In my studies, I generally ask subjects to rate texts on three dimensions: readability, accuracy, and usefulness. Although I dont always use this terminology, eg I might ask subjects to rate the “helpfulness” rather than the “usefulness” of a decision-support system. These dimensions are not independent, and in particular a text is not generally useful unless it is both readable and accurate. But overall I think asking for usefulness as well as readability and accuracy gives useful insights, and subjects generally seem happy to rate texts on these three dimensions.
I always give subjects an opportunity to make free-text comments about the NLG system and the texts it generates. If a subject sees a small number of texts, we can ask for free-text comments on each generated task. However, if the subject sees dozens of generated texts, it may be better to ask for a single overall comment on the NLG system as a whole.
Finally, from an ethical perspective it is of course essential to get approval from an ethics committee if this is required in your country. In particular, if an NLG system is not currently being operationally used (either because it is completely new or because it is a variant of an existing system), then we may need to demonstrate that using the NLG system cannot harm subjects. For example, we evaluated Babytalk BT-Nurse by installing it in a hospital ward, asking nurses to use it, and soliciting ratings. In order to get ethical approval, we had a research nurse check each BT-Nurse text before the duty nurse saw it, to ensure that the text could not harm patient care. The research nurse did not in fact reject any BT-Nurses texts as potentially harmful, but having the nurse do this check was essential from an ethical approval perspective.

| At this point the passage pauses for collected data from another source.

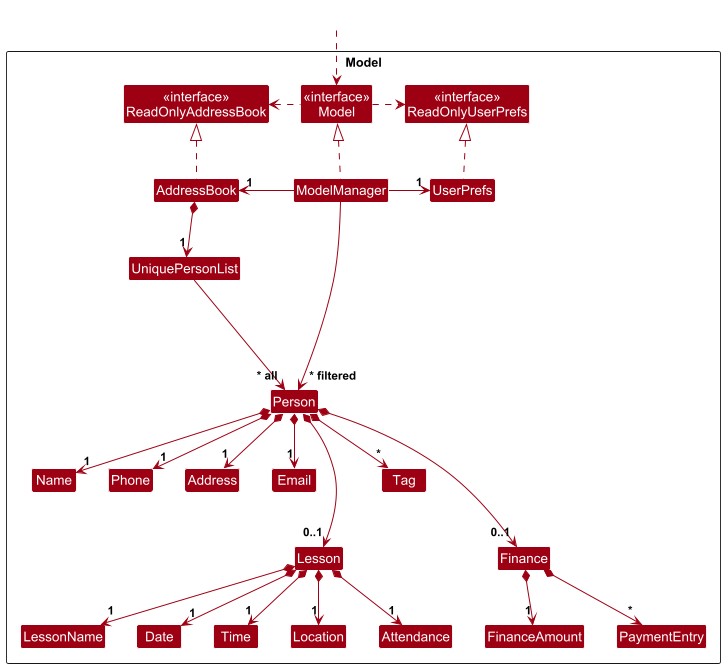

The diagram above was rendered by PlantUML. Its source (embedded in the PNG):
@startuml
!include style.puml
skinparam arrowThickness 1.1
skinparam arrowColor MODEL_COLOR
skinparam classBackgroundColor MODEL_COLOR

Package Model as ModelPackage <<Rectangle>>{
Class "<<interface>>\nReadOnlyAddressBook" as ReadOnlyAddressBook
Class "<<interface>>\nReadOnlyUserPrefs" as ReadOnlyUserPrefs
Class "<<interface>>\nModel" as Model
Class AddressBook
Class ModelManager
Class UserPrefs

Class UniquePersonList
Class Person
Class Address
Class Email
Class Name
Class Phone
Class Tag
Class Lesson
Class Finance
Class LessonName
Class Date
Class Time
Class Location
Class Attendance
Class FinanceAmount
Class PaymentEntry

Class I #FFFFFF
}

Class HiddenOutside #FFFFFF
HiddenOutside ..> Model

AddressBook .up.|> ReadOnlyAddressBook

ModelManager .up.|> Model
Model .right.> ReadOnlyUserPrefs
Model .left.> ReadOnlyAddressBook
ModelManager -left-> "1" AddressBook
ModelManager -right-> "1" UserPrefs
UserPrefs .up.|> ReadOnlyUserPrefs

AddressBook *--> "1" UniquePersonList
UniquePersonList --> "~* all" Person
Person *--> "1" Name
Person *--> "1" Phone
Person *--> "1" Email
Person *--> "1" Address
Person *--> "*" Tag
Person *--> "0..1" Lesson
Person *--> "0..1" Finance

Lesson *--> "1" LessonName
Lesson *--> "1" Date
Lesson *--> "1" Time
Lesson *--> "1" Location
Lesson *--> "1" Attendance

Finance *--> "1" FinanceAmount
Finance *--> "*" PaymentEntry

Person -[hidden]up--> I
UniquePersonList -[hidden]right-> I

Name -[hidden]right-> Phone
Phone -[hidden]right-> Address
Address -[hidden]right-> Email
Email -[hidden]right-> Tag

Tag -[hidden]down-> Lesson
Tag -[hidden]down-> Finance

LessonName -[hidden]right-> Date
Date -[hidden]right-> Time
Time -[hidden]right-> Location
Location -[hidden]right-> Attendance

FinanceAmount -[hidden]right-> PaymentEntry

ModelManager --> "~* filtered" Person
@enduml

Sometimes similar constraints arise in a commercial context. For example, if a client commisions an NLG system and wishes to evaluate it using real-world ratings, the client may insist on safeguards to ensure that the NLG system does not do something which could damage its reputation (eg, use profanity in texts intended for children).
If a single system is being evaluated (ie, there are no alternative versions or A/B testing). then the most common practice is simply to report the raw questionnaire results (eg, how many subjects selected “Agree” on the Likert scale for helpfulness), together with a simple statistical analysis (eg with chi-squared) to show that the differences are significant. Sometimes it is useful to present subgroup analyses, for example looking at scores for domain experts vs novices.
Often the most interesting information is the free-text comments by users, since users often describe how they use a specific text in the context of a specific task; many users also describe software bugs they encountered and give suggestions for improving the system. Free-text comments are especially useful for improving a system, because they list specific bugs and enhancement requests. In the BT-Nurse study, we annotated free-text comments by type, which showed that there were many more comments about content than about language; again this kind of information is often useful for developers.
If the study compared multiple systems (eg, A/B test), then the analysis is similar to what I described in How to do an NLG Evaluation: Human Ratings in Artificial Context.